## Required action
Copy every line of the entries that includes the word "Subsystem".

## Material to process
━━━━━━━━━━━━━━━━
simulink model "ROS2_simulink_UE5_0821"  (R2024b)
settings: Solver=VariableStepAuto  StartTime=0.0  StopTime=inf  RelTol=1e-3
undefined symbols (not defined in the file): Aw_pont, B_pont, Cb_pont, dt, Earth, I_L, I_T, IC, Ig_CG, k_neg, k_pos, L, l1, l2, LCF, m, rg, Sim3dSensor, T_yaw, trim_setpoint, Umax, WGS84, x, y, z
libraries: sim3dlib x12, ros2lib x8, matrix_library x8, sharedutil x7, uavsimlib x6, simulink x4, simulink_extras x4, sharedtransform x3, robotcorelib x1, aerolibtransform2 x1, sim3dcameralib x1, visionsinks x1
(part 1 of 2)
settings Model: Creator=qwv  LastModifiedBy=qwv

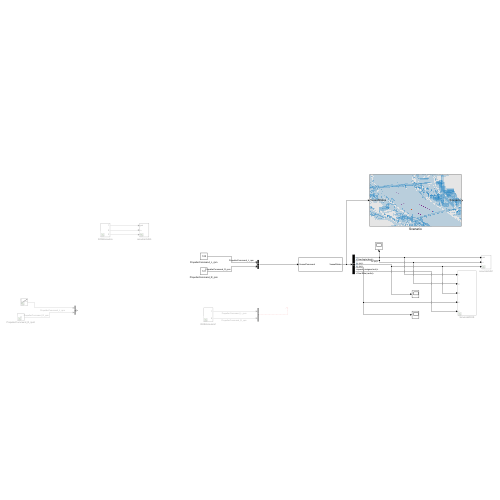
[thumbnail: Simulink's stored preview of the top-level diagram]
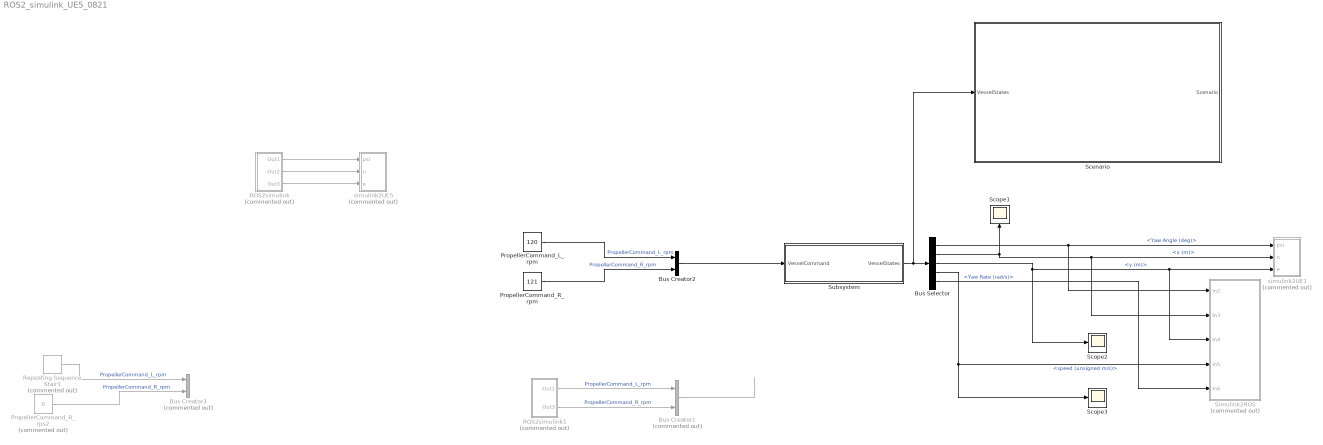
== system ROS2_simulink_UE5_0821 ==
  Bus Creator1 : BusCreator  Commented=on  Inputs=2
  Bus Creator2 : BusCreator  Inputs=3
  Bus Creator3 : BusCreator  Commented=on  Inputs=2
  Bus Selector : BusSelector  OutputSignals=Yaw Angle (deg),x (m),y (m),speed (unsigned m/s),Yaw Rate (rad/s)
  PropellerCommand_L_rpm : Constant  Value=120
  PropellerCommand_R_rpm : Constant  Value=121
  PropellerCommand_R_rps2 : Constant  Commented=on  Value=0
  ROS2simulink : Subsystem  Commented=on
  ROS2simulink1 : Subsystem  Commented=on
  Repeating Sequence Stair1 : simulink/Sources/Repeating Sequence Stair  Commented=on  OutValues=[-320 -300 -280 -260 -240 -220 -200 -180 -160 -140 -120 -100 -80 -60 -40 -20 0 20 40 60 80 100 120 140 160 180 200 220 240 260 280 300 320].'  tsamp=10  OutMin=[]  OutMax=[]  OutDataTypeStr=double  OutputDataTypeScalingMode=double  OutDataType=fixdt(0,8)  ConRadixGroup=Best Precision: Vector-wise  OutScaling=2^-12
  Scenario : Subsystem
      mask Display: image('ScenarioLondon.png'); % Use "Edit Image" on toolstrip to change.
  Scope1 : Scope
  Scope2 : Scope
  Scope3 : Scope
  Simulink2ROS : Subsystem  Commented=on
  Subsystem : Subsystem
  simulink2UE1 : Subsystem  Commented=on
  simulink2UE5 : Subsystem  Commented=on
  wires:
  ROS2simulink/1(Out1) -> simulink2UE5/1(psi)
  ROS2simulink/2(Out2) -> simulink2UE5/2(n)
  ROS2simulink/3(Out3) -> simulink2UE5/3(e)
  Bus Selector/3 -> Simulink2ROS/3(In4), simulink2UE1/3(e), Scope2/1  "<y (m)>"
  Bus Selector/2 -> Simulink2ROS/2(In3), simulink2UE1/2(n), Scope1/1  "<x (m)>"
  Subsystem/1(VesselStates) -> Scenario/1(VesselStates), Bus Selector/1
  Bus Selector/4 -> Scope3/1, Simulink2ROS/4(In5)  "<speed (unsigned m/s)>"
  Bus Selector/1 -> Simulink2ROS/1(In2), simulink2UE1/1(psi)  "<Yaw Angle (deg)>"
  ROS2simulink1/1(Out1) -> Bus Creator1/1  "PropellerCommand_L_rpm"
  ROS2simulink1/2(Out3) -> Bus Creator1/2  "PropellerCommand_R_rpm"
  Bus Selector/5 -> Simulink2ROS/5(In6)  "<Yaw Rate (rad/s)>"
  PropellerCommand_R_rpm/1 -> Bus Creator2/3  "PropellerCommand_R_rpm"
  PropellerCommand_L_rpm/1 -> Bus Creator2/1  "PropellerCommand_L_rpm"
  Bus Creator1/1 -> ?
  Bus Creator2/1 -> Subsystem/1(VesselCommand)
  Repeating Sequence Stair1/1 -> Bus Creator3/1  "PropellerCommand_L_rpm"
  PropellerCommand_R_rps2/1 -> Bus Creator3/2  "PropellerCommand_R_rpm"

== system ROS2_simulink_UE5_0821/ROS2simulink ==
  Blank Message : ros2lib/Blank Message  Commented=on  messageClass=Message  entityType=geometry_msgs/Point  messageType=geometry_msgs/Point  SampleTime=inf
  Bus Assignment : BusAssignment  Commented=on  AssignedSignals=x,z
  Bus Selector : BusSelector  OutputSignals=psi,n,e
  Bus Selector1 : BusSelector  Commented=on  OutputSignals=data
  Constant : Constant  Commented=on
  Constant1 : Constant  Commented=on
  Constant2 : Constant  Commented=on
  Display{,1..3} (4 alike) : Display
  Publish : ros2lib/Publish  Commented=on  topicSource=Specify your own  topic=/my_topic  messageType=geometry_msgs/Twist  QOSHistory=Keep last  QOSDepth=1  QOSReliability=Reliable  QOSDurability=Volatile  QOSDeadline=Inf  QOSLifespan=Inf  QOSLiveliness=Automatic  QOSLeaseDuration=Inf  QOSAvoidROSNamespaceConventions=off
  Sine Wave : Sin  Commented=on  SampleTime=0
  Sine Wave1 : Sin  Commented=on  SampleTime=0
  Subscribe : ros2lib/Subscribe  topicSource=Select from ROS network  topic=/topic_state  messageType=pid_interfaces/Command  sampleTime=-1  QOSHistory=Keep last  QOSDepth=1  QOSReliability=Reliable  QOSDurability=Volatile  QOSDeadline=Inf  QOSLifespan=Inf  QOSLiveliness=Automatic  QOSLeaseDuration=Inf  QOSAvoidROSNamespaceConventions=off
  Out1 : Outport
  Out2 : Outport  Port=2
  Out3 : Outport  Port=3
  wires:
  Bus Assignment/1 -> Publish/1
  Sine Wave1/1 -> Bus Assignment/3
  Blank Message/1 -> Bus Assignment/1
  Sine Wave/1 -> Bus Assignment/2
  Bus Selector/1 -> Out1/1, Display/1  "<psi>"
  Bus Selector/3 -> Out3/1, Display1/1  "<e>"
  Bus Selector/2 -> Display2/1, Out2/1  "<n>"
  Bus Selector1/1 -> Display3/1  "<data>"
  Subscribe/2 -> Bus Selector/1

== system ROS2_simulink_UE5_0821/ROS2simulink1 ==
  Bus Selector : BusSelector  OutputSignals=rpm_e_l,rpm_e_r
  Data Type Conversion : DataTypeConversion  SaturateOnIntegerOverflow=off  RndMeth=Floor
  Data Type Conversion1 : DataTypeConversion  SaturateOnIntegerOverflow=off  RndMeth=Floor
  Display1 : Display
  Display2 : Display
  Subscribe : ros2lib/Subscribe  topicSource=Select from ROS network  topic=/topic_state  messageType=pid_interfaces/Command  sampleTime=-1  QOSHistory=Keep last  QOSDepth=1  QOSReliability=Reliable  QOSDurability=Volatile  QOSDeadline=Inf  QOSLifespan=Inf  QOSLiveliness=Automatic  QOSLeaseDuration=Inf  QOSAvoidROSNamespaceConventions=off
  Out1 : Outport
  Out3 : Outport  Port=2
  wires:
  Bus Selector/2 -> Display1/1, Data Type Conversion1/1  "<rpm_e_r>"
  Subscribe/2 -> Bus Selector/1
  Data Type Conversion/1 -> Out1/1
  Data Type Conversion1/1 -> Out3/1
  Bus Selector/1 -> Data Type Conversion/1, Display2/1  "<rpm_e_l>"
━━━━━━━━━━━━━━━━
## Finished task
  ROS2simulink : Subsystem  Commented=on
  ROS2simulink1 : Subsystem  Commented=on
  Scenario : Subsystem
  Simulink2ROS : Subsystem  Commented=on
  Subsystem : Subsystem
  simulink2UE1 : Subsystem  Commented=on
  simulink2UE5 : Subsystem  Commented=on
  Subsystem/1(VesselStates) -> Scenario/1(VesselStates), Bus Selector/1
  Bus Creator2/1 -> Subsystem/1(VesselCommand)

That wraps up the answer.